VINE removes the indirection between the conductor and the program by placing perceptrons at decision points. This experiment suggests that is the right architectural choice for a different reason than previously argued: not just because the conductor is more efficient, but because the path from conductor to tokens is inherently fragile when the conductor is strong. A direct perceptron decision surface sidesteps the problem entirely — there is no softmax over a vocabulary to collapse.

For interpretability

The decoupling is visible in the measurements. Dark matter going up while generation quality drops is a quantitative signature of this failure mode. This is not something an external evaluator reading outputs would catch until the collapse is advanced — but the hidden-layer measurements show it coming.


Scripts, 14 checkpoints (epochs 5-70, ~21 GB), and full trajectory data available to licensees. Notable checkpoints include the "sweet-spot" range (epochs 20-25: amplified conductor + coherent generation), the transition point (epoch 30), and the fully-decoupled endpoint (epoch 70).

Hardware notes

  • The original 80-epoch run was interrupted when the PC became unresponsive under VRAM + disk I/O pressure
  • For future long runs, either reduce checkpoint frequency or save only diffs from the original weights
  • A 4070 SUPER (12GB VRAM) handles GPT-2 training at batch size 4 with precomputed entropy masks; batch size 8 with double forward pass OOMs

What Next

The 70-epoch trajectory gives us the integration curve and the decoupling point. Natural extensions:

  1. The sweet-spot model as a research artifact. Checkpoint 20 or 25 is a small, auditable example of a transformer with an amplified, integrated conductor signal. It can be used as the baseline for further interpretability work.

  2. The decoupling transition. Epochs 25-35 bracket the moment generation collapses. Checkpoints at 25, 30, 35 allow fine-grained analysis of what specifically fails — which attention heads change behavior, which layers' top PCs rotate into the conductor subspace, whether the collapse begins at a specific layer or simultaneously.

  3. Embedding annealing. The current run leaves the scaffold active throughout. Future runs could anneal the embedding magnitude to zero over Phase B, so the model has to stand on its own weights earlier. This might find a different sweet spot or delay the collapse.

  4. Lower learning rate, longer run. The decoupling may be a consequence of the model being pushed too hard after integration completes. A learning rate of 5e-6 with a cosine schedule might allow the conductor to settle more gently without dragging the output path into collapse.

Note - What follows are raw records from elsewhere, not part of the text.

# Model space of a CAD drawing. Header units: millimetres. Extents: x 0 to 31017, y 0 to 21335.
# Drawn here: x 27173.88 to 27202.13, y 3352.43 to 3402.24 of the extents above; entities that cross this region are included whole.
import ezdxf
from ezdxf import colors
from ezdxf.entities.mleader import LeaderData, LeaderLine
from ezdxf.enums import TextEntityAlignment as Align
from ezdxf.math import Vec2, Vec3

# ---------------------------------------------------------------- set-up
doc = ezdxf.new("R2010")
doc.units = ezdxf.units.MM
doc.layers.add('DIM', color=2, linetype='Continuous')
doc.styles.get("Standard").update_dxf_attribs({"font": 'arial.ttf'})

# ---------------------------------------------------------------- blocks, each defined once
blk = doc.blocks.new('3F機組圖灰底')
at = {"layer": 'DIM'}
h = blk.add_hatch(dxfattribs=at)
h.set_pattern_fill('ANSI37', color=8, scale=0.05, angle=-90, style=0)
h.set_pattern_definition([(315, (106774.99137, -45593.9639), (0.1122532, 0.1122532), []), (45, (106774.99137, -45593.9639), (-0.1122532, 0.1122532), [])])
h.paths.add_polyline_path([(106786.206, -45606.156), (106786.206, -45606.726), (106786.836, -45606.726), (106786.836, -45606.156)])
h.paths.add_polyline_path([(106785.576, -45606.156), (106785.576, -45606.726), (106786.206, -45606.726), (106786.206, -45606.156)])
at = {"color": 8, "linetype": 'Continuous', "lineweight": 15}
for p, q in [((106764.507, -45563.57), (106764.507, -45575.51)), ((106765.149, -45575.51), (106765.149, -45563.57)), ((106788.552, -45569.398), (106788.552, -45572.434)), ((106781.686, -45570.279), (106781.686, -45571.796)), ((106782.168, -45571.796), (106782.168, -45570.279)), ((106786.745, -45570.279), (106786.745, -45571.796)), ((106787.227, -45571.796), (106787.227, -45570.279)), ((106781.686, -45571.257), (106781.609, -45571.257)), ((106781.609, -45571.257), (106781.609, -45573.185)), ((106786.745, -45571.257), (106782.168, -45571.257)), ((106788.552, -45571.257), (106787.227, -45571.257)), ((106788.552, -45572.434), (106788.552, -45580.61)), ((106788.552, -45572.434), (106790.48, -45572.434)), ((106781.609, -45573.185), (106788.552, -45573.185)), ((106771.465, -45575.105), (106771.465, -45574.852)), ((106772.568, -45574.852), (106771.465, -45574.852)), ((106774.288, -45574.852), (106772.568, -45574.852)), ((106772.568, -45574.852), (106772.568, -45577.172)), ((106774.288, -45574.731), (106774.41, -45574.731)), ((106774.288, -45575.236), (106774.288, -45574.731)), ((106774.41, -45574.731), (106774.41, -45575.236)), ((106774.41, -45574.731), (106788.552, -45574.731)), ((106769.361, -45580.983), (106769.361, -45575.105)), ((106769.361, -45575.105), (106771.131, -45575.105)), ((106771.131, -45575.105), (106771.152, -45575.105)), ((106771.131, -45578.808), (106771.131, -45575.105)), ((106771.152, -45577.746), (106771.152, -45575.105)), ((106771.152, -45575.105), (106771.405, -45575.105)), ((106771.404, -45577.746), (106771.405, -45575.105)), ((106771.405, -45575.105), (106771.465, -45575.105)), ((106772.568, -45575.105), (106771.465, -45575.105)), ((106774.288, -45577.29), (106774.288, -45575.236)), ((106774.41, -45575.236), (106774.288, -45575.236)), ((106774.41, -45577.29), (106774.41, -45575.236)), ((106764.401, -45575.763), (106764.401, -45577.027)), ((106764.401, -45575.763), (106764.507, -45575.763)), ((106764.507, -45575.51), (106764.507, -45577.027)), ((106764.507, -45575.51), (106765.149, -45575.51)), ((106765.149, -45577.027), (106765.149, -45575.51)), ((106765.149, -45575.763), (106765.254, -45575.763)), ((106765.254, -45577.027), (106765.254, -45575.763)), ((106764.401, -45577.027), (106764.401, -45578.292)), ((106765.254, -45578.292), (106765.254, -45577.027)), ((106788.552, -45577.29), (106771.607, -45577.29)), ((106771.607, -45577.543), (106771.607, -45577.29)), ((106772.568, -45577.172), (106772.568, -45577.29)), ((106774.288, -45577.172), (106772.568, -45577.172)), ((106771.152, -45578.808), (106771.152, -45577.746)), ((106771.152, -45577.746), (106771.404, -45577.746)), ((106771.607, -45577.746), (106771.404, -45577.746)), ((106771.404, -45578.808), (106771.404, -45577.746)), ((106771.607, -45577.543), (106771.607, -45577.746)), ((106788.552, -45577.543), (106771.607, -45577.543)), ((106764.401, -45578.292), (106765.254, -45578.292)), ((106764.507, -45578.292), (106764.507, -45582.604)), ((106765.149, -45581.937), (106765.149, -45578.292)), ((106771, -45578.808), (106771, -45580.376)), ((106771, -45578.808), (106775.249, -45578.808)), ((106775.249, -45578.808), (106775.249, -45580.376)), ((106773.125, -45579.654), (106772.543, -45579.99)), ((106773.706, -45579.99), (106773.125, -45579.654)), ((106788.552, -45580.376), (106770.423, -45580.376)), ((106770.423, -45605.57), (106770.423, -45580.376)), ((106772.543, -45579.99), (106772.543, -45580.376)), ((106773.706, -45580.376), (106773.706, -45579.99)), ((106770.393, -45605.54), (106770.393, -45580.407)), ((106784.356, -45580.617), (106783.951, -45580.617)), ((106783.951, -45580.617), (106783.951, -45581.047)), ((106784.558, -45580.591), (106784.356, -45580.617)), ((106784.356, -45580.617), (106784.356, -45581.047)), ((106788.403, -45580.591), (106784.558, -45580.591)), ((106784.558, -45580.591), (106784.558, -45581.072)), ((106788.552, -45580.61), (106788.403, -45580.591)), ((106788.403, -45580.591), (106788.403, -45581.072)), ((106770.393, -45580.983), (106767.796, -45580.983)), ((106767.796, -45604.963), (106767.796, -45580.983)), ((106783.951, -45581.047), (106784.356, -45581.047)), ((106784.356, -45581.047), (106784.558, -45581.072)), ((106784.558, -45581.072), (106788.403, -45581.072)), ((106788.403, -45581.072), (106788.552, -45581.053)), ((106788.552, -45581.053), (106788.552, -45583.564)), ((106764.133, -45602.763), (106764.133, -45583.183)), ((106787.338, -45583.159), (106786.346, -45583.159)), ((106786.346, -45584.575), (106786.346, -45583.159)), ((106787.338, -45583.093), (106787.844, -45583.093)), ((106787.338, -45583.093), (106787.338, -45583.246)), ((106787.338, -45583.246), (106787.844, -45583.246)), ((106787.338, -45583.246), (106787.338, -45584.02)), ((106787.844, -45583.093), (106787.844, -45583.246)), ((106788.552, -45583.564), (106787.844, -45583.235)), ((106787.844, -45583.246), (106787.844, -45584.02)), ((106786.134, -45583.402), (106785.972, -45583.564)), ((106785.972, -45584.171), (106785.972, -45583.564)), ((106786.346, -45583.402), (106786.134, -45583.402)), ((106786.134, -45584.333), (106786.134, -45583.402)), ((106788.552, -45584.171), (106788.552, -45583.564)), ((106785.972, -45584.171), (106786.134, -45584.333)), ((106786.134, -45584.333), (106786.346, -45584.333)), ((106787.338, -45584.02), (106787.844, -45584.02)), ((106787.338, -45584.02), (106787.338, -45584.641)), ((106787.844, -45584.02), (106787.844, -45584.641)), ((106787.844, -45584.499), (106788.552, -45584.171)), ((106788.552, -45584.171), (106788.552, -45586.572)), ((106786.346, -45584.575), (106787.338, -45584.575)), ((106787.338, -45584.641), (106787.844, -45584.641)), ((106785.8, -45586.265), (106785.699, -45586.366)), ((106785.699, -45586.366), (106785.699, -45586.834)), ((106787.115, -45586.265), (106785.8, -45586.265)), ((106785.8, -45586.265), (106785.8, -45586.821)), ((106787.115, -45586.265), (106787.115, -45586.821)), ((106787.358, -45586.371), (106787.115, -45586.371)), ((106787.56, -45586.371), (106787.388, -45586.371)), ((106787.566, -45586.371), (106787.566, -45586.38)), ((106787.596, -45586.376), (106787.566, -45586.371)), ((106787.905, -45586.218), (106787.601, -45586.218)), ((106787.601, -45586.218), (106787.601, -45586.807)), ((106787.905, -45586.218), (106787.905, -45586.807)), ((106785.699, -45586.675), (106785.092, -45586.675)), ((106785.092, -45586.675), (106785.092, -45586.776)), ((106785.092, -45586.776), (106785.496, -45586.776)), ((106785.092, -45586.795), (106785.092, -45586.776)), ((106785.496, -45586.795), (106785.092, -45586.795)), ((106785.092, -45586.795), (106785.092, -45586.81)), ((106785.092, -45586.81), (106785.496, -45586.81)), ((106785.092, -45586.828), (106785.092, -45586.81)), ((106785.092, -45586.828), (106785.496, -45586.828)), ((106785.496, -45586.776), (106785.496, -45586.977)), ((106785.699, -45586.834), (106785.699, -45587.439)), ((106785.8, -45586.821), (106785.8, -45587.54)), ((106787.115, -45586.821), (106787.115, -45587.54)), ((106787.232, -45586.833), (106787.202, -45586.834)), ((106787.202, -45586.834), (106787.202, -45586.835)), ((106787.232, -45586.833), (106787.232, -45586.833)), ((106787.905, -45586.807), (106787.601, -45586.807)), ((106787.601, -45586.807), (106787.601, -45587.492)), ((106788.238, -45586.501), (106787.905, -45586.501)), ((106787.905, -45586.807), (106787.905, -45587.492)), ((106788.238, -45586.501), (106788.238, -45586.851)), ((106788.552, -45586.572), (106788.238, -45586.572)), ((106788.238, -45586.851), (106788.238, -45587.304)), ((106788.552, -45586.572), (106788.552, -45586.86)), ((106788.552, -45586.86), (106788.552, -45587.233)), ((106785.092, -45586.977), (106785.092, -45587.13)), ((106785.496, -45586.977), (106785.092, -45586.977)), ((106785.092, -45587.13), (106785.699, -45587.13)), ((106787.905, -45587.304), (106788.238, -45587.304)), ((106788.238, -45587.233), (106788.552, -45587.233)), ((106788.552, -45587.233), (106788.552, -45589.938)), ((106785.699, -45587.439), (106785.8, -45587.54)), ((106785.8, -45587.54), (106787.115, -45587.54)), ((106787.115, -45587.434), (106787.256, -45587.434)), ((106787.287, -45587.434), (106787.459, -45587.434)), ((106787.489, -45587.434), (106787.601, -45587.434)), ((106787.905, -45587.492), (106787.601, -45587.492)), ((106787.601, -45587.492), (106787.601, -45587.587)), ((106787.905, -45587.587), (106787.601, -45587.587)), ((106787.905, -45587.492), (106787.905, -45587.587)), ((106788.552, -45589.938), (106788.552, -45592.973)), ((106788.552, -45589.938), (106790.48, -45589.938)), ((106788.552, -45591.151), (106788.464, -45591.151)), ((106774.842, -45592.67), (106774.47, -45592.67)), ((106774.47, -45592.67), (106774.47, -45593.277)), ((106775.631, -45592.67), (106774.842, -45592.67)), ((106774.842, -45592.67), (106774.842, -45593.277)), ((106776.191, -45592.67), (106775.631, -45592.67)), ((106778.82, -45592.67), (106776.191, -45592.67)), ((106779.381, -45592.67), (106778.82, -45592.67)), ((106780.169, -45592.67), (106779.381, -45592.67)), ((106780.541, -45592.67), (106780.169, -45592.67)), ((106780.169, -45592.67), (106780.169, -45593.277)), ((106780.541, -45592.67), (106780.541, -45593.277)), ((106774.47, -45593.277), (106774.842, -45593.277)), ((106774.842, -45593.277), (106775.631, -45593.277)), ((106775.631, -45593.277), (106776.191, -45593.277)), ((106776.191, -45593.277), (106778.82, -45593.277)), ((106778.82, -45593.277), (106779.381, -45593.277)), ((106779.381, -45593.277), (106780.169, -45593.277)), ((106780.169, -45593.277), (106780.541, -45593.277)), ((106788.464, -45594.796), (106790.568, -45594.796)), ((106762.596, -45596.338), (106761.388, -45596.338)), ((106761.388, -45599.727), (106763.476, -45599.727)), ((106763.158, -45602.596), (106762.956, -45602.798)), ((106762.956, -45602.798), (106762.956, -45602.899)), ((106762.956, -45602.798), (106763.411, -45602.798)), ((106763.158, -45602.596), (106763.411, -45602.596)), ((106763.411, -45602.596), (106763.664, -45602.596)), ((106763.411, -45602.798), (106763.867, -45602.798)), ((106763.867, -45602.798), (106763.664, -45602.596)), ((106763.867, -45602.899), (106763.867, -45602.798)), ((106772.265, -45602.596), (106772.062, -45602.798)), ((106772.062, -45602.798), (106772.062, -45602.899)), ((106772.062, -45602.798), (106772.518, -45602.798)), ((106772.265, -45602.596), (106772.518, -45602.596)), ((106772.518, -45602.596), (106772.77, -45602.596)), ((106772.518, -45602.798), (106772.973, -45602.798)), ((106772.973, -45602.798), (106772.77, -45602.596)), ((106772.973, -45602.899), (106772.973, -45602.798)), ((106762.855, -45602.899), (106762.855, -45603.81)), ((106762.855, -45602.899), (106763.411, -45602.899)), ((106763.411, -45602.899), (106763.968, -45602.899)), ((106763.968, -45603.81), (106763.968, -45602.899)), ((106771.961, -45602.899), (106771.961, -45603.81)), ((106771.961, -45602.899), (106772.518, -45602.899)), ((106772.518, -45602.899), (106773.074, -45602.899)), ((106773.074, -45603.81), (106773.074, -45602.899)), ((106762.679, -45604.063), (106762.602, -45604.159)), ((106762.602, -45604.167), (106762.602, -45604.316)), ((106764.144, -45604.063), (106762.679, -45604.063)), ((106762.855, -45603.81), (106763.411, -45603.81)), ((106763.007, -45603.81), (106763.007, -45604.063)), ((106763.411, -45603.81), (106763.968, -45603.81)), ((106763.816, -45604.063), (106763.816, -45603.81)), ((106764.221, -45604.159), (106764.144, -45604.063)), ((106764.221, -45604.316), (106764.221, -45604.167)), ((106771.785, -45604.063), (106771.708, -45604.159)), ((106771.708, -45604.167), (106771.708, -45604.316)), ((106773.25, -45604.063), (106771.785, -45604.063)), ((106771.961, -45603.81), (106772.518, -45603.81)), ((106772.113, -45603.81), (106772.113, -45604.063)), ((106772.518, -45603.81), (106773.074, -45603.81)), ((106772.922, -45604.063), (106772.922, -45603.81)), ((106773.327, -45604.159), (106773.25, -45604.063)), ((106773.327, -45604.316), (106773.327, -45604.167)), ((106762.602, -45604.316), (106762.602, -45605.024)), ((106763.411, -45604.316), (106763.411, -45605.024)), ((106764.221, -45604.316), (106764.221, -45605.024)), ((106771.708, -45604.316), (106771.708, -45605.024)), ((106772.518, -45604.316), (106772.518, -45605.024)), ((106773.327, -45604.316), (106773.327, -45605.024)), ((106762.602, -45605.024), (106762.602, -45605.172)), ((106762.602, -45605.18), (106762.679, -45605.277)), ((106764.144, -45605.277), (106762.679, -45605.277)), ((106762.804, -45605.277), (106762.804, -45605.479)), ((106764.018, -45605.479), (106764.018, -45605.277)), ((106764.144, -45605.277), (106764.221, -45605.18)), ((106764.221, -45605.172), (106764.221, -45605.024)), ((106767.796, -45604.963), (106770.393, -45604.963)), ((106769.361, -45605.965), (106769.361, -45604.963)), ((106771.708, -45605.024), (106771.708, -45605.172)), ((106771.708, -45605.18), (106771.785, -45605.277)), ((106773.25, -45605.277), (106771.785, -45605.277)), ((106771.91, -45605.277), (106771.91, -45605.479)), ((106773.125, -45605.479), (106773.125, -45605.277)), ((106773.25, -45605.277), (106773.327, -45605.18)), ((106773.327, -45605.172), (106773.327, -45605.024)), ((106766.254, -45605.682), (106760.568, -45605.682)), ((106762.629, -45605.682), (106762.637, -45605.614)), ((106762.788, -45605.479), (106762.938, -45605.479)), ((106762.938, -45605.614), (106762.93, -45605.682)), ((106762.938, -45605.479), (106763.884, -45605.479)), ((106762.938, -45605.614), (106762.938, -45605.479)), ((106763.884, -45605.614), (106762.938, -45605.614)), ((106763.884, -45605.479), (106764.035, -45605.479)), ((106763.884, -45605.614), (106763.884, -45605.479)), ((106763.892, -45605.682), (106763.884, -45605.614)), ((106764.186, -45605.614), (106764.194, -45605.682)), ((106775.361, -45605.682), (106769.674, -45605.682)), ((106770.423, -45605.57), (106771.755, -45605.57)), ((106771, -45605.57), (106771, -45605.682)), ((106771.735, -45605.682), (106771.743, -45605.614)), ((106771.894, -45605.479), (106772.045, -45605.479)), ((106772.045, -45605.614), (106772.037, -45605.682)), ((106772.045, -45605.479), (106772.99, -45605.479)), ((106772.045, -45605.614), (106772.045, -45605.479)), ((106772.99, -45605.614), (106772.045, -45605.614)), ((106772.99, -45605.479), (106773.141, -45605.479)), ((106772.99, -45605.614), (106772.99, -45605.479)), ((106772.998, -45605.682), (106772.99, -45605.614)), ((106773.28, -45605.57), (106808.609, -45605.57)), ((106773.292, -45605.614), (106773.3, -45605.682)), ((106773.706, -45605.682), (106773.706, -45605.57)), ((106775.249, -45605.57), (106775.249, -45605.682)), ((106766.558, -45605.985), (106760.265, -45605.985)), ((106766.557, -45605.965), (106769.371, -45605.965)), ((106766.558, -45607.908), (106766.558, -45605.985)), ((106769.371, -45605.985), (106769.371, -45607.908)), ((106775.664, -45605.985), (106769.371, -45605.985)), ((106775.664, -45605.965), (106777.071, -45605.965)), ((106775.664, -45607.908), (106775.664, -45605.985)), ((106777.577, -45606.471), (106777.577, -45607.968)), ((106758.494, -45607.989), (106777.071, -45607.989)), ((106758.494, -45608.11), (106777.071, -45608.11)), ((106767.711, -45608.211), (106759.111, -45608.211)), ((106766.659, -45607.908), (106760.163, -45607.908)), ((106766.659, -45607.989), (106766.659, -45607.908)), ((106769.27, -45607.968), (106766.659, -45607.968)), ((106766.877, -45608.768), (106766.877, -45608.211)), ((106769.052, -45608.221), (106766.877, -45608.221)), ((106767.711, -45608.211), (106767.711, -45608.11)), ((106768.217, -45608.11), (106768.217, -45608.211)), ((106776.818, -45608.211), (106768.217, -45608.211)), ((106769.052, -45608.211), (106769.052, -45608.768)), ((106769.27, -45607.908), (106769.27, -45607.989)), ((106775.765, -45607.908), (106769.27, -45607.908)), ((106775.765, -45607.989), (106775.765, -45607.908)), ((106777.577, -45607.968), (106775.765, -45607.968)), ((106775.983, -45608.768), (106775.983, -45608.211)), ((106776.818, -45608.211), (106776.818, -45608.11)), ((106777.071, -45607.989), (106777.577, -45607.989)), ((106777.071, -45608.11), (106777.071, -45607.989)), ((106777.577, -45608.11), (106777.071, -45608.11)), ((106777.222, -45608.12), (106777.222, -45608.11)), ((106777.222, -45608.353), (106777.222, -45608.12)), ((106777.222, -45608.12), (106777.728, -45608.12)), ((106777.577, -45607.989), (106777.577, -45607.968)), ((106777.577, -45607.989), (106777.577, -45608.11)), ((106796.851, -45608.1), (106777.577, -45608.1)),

Appendix: The Specific Moment of Collapse

Examining epochs 25-35 (saved checkpoints available):

Epoch DM L8 DM L10 Generation character
25 0.9020 0.8909 "revealing the space beneath the glass" (coherent)
30 0.8992 0.8850 "too faint. ????" (collapsed)
35 0.9034 0.8862 "too faint. ????" (collapsed)

The collapse is not continuous. Epoch 25 is coherent; epoch 30 is broken. In 5 epochs (roughly 40 minutes of training on this hardware), the output pipeline went from functional to collapsed. The dark matter ratio at L10 actually decreased slightly during this transition (0.8909 → 0.8850) before recovering, suggesting the final layer was briefly disrupted as the model reconfigured.

This kind of discontinuous collapse — rather than a smooth degradation — is a specific signature worth investigating further. It suggests a phase transition rather than a gradual drift.